Note: On 10 April 2012, the Board established the New gTLD Program Committee, comprised of all voting members of the Board that are not conflicted with respect to the New gTLD Program. The Committee was granted all of the powers of the Board (subject to the limitations set forth by law, the Articles of Incorporation, Bylaws or ICANN's Conflicts of Interest Policy) to exercise Board-level authority for any and all issues that may arise relating to the New gTLD Program. The full scope of the Committee's authority is set forth in its charter at http://www.icann.org/en/groups/board/new-gTLD.

A Regular Meeting of the New gTLD Program Committee of the ICANN Board of Directors was held in Buenos Aires, Argentina on 16 November 2013 at 08:00 local time.

Committee Chairman Cherine Chalaby promptly called the meeting to order.

In addition to the Chair the following Directors participated in all or part of the meeting: Fadi Chehadé (President and CEO, ICANN), Chris Disspain, Bill Graham, Olga Madruga-Forti, Erika Mann, Gonzalo Navarro, Ray Plzak, George Sadowsky, Mike Silber, and Kuo-Wei Wu.

Jonne Soininen (IETF Liaison) and was in attendance as a non-voting liaison to the Committee.

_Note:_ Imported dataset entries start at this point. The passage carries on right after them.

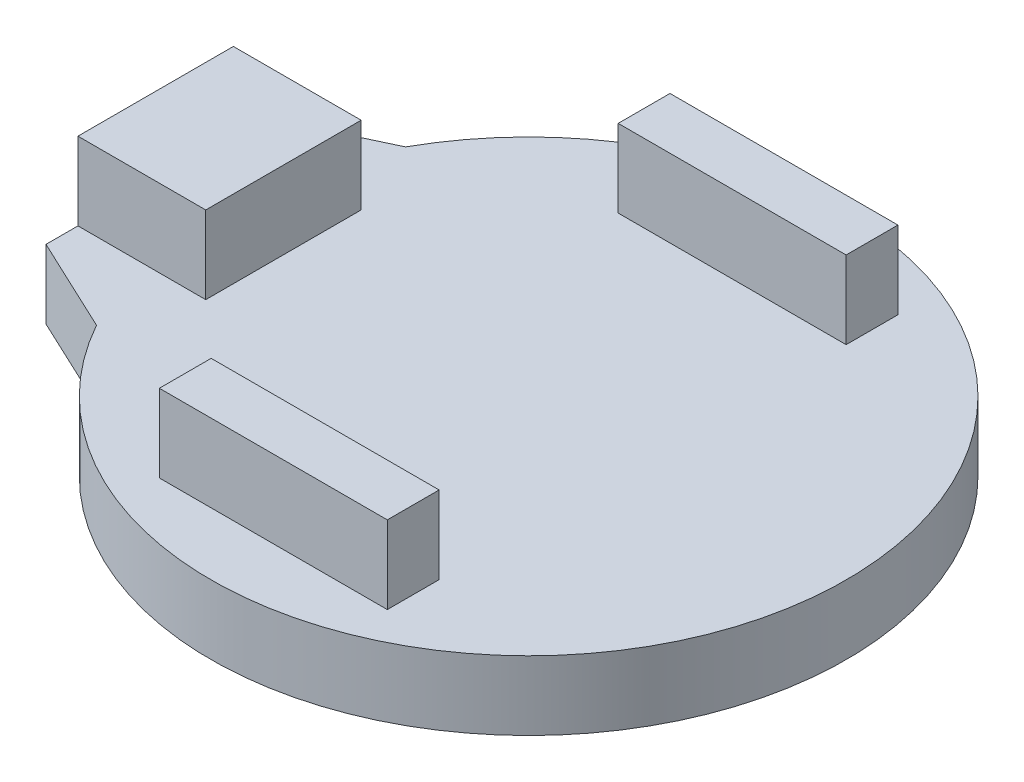
SolidWorks part; units mm, degrees
ref_plane "Front Plane" through (0, 0, 0) normal (0, 0, 1) x (1, 0, 0)
ref_plane "Top Plane" through (0, 0, 0) normal (0, 1, 0) x (1, 0, 0)
ref_plane "Right Plane" through (0, 0, 0) normal (1, 0, 0) x (0, 0, -1)
sketch "Sketch1" plane through (0, 0, 0) normal (0, 1, 0) x (1, 0, 0)
  line L0 (18.4, 0) -> (18.4, 26.4174) construction
  line L1 (-15.2, -6.35) -> (-17.2696, -6.35) construction
  line L2 (-15.2, -6.35) -> (-15.2, 6.35) construction
  line L3 (-17.2696, 6.35) -> (-21.6, 6.35) construction
  line L4 (-21.6, -6.35) -> (-21.6, 6.35)
  line L5 (-18.4, 0) -> (-21.6, 6.35) construction
  line L6 (-18.4, 0) -> (-21.6, -6.35) construction
  line L7 (-21.6, 6.35) -> (-16.0794, 8.9449)
  line L8 (-21.6, -6.35) -> (-16.0794, -8.9449)
  line L9 (-15.2, 6.35) -> (-17.2696, 6.35) construction
  line L10 (-15.2, 6.35) -> (-18.4, 0) construction
  line L11 (-15.2, -6.35) -> (-18.4, 0) construction
  line L12 (-17.2696, -6.35) -> (-21.6, -6.35) construction
  arc A0 (-16.0794, -8.9449) -> (-16.0794, 8.9449) centre (0, 0) ccw
  arc A1 (-16.0794, 8.9449) -> (-17.2696, 6.35) centre (0, 0) ccw construction
  arc A2 (-17.2696, 6.35) -> (-18.4, 0) centre (0, 0) ccw construction
  arc A3 (-18.4, 0) -> (-17.2696, -6.35) centre (0, 0) ccw construction
  arc A4 (-17.2696, -6.35) -> (-16.0794, -8.9449) centre (0, 0) ccw construction
  point P3 (-18.4, 0)
  point P14 (-14.75, 9.6822)
  dimension "D1" = 36.8
  dimension "D2" = 40
  dimension "D3" = 12.7
  dimension "D4" = 6.1
extrude "Boss-Extrude1" add sketch "Sketch1" along normal blind 4
sketch "Sketch2" plane through (0, 4, 0) normal (0, 1, 0) x (1, 0, 0)
  line L0 (0, -13.285) -> (0, 13.285) construction
  line L1 (-6.6, 14.785) -> (6.6, 14.785)
  line L2 (-6.6, 14.785) -> (-6.6, 11.785)
  line L3 (-6.6, 11.785) -> (6.6, 11.785)
  line L4 (6.6, 14.785) -> (6.6, 11.785)
  line L5 (-6.6, 14.785) -> (6.6, 11.785) construction
  line L6 (-6.6, 11.785) -> (6.6, 14.785) construction
  line L7 (-6.6, -11.785) -> (6.6, -11.785)
  line L8 (-6.6, -11.785) -> (-6.6, -14.785)
  line L9 (-6.6, -14.785) -> (6.6, -14.785)
  line L10 (6.6, -11.785) -> (6.6, -14.785)
  line L11 (-6.6, -11.785) -> (6.6, -14.785) construction
  line L12 (-6.6, -14.785) -> (6.6, -11.785) construction
  line L13 (-14.2, 0) -> (0, 0) construction
  line L14 (-21.6, -4.5) -> (-14.2, -4.5)
  line L15 (-21.6, -4.5) -> (-21.6, 4.5)
  line L16 (-21.6, 4.5) -> (-14.2, 4.5)
  line L17 (-14.2, -4.5) -> (-14.2, 4.5)
  line L18 (-21.6, -4.5) -> (-14.2, 4.5) construction
  line L19 (-21.6, 4.5) -> (-14.2, -4.5) construction
  line L20 (-21.6, 6.35) -> (-21.6, -6.35) construction
  point P0 (0, 13.285)
  point P5 (0, -13.285)
  point P16 (0, 0)
  point P19 (-17.9, 0)
  dimension "D1" = 26.57
  dimension "D2" = 3
  dimension "D3" = 13.2
  dimension "D4" = 9
  dimension "D5" = 7.4
extrude "Boss-Extrude2" add sketch "Sketch2" along normal blind 4.5

Heather Dryden was in attendance as an observer to the Committee. Francisco da Silva (TLG Liaison) sent apologies.

Secretary: John Jeffrey (General Counsel and Secretary).

ICANN Executives and Staff in attendance for all or part of the meeting: Akram Atallah (President, GDD); Michelle Bright (Board Support Manager); Allen Grogan (Chief Contracting Counsel); Dan Halloran (Deputy General Counsel); Jamie Hedlund (Advisor to the President/CEO); Elizabeth Le (Senior Counsel); Cyrus Namazi (Vice President, DNS Industry Engagement); David Olive (Vice President, Policy Development); Cassia Oliveira (Manager, Office of the President & CEO); Karine Perset (Senior Director of Board Support); Erika Randall (Counsel); Amy Stathos (Deputy General Counsel); and Christine Willett (Vice President, gTLD Operations).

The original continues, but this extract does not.